“我也不知道,要不找机会问问鸣远哥哥吧。”蓝玉烟正好也想跟他好好聊聊。

“玉烟!你们说的是真的吗?”陆鸣远突地从门内出来,欣喜的问道:“那个羽绒服真是你做给我的吗?你,一直都有给我写信吗?”

蓝玉宁脸色唰地惨白,这好不容易圆过去的事情,又要败露了吗?

“是啊,不光是玉烟,还有我,都有给你写信啊。”蓝玉宁qiáng笑着说道。

陆鸣远却是眉头紧蹙着摇头,“可是除了草药那次,我再也没有收到过你们的信,我还以为,你学习太忙忘了给我写信呢。”

陆鸣远难为情的笑笑。

“鸣远哥哥只收到和草药一起的信吗?其他的都没有收到?”蓝玉宁惊讶不己,有些失望,却又难抑兴奋。

陆鸣远表情沉重的点头,“可能是我奶奶担心我健康,不希望我分心,所以将所有的信都拦下来了吧。
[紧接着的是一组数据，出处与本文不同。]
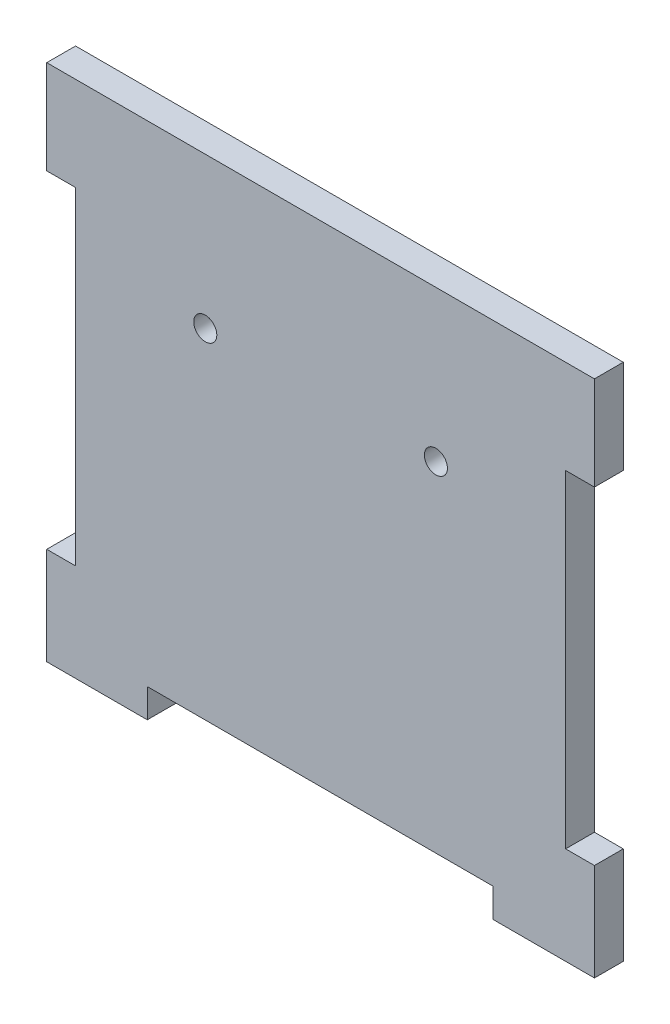
SolidWorks part; units mm, degrees
ref_plane "Ebene vorne" through (0, 0, 0) normal (0, 0, 1) x (1, 0, 0)
ref_plane "Ebene oben" through (0, 0, 0) normal (0, 1, 0) x (1, 0, 0)
ref_plane "Ebene rechts" through (0, 0, 0) normal (1, 0, 0) x (0, 0, -1)
sketch "Skizze1" plane through (0, 0, 0) normal (0, 0, 1) x (1, 0, 0)
  line L0 (-61.3783, 63.8192) -> (-56.3783, 63.8192)
  line L1 (-61.3783, 80.0783) -> (33.6217, 80.0783)
  line L2 (-61.3783, 80.0783) -> (-61.3783, 63.8192)
  line L3 (-61.3783, -9.9217) -> (-43.9395, -9.9217)
  line L4 (33.6217, 80.0783) -> (33.6217, 63.8192)
  line L5 (28.6217, 75.0783) -> (-56.3783, 75.0783)
  line L6 (28.6217, 75.0783) -> (28.6217, -4.9217)
  line L7 (28.6217, -4.9217) -> (-56.3783, -4.9217)
  line L8 (-56.3783, 75.0783) -> (-56.3783, -4.9217)
  line L9 (28.6217, 75.0783) -> (-56.3783, -4.9217) construction
  line L10 (28.6217, -4.9217) -> (-56.3783, 75.0783) construction
  line L11 (-56.3783, 6.9771) -> (-61.3783, 6.9771)
  line L12 (28.6217, 6.9771) -> (33.6217, 6.9771)
  line L13 (28.6217, 63.8192) -> (33.6217, 63.8192)
  line L14 (33.6217, 6.9771) -> (33.6217, -9.9217)
  line L15 (-61.3783, 6.9771) -> (-61.3783, -9.9217)
  line L16 (-43.9395, -4.9217) -> (-43.9395, -9.9217)
  line L17 (16.0605, -4.9217) -> (16.0605, -9.9217)
  line L18 (16.0605, -9.9217) -> (33.6217, -9.9217)
  circle A0 centre (-33.8783, 53.9019) radius 2
  circle A1 centre (6.1217, 53.9019) radius 2
  point P0 (-13.8783, 35.0783)
  point P5 (-13.9395, 35.3982)
  point P14 (-13.8783, 35.0783)
  dimension "D1" = 95
  dimension "D2" = 90
  dimension "D5" = 5
  dimension "D6" = 5
  dimension "D7" = 5
  dimension "D8" = 5
extrude "Aufsatz-Linear austragen1" add sketch "Skizze1" along normal blind 5

”

原来所有的信都没有收到,那她就不用再担心信的事情了。

蓝玉宁心里压着的那块大石终于落地。

“只是既然鸣远兄弟没有收到信,那羽绒服怎么会到毛总手里呢?”刘香玉疑惑的问道。

“这个我也不清楚,估计是来我们家时看到了,奶奶怕我知道是玉烟寄的,就扯了个谎。”陆鸣远说到此,神情有些尴尬。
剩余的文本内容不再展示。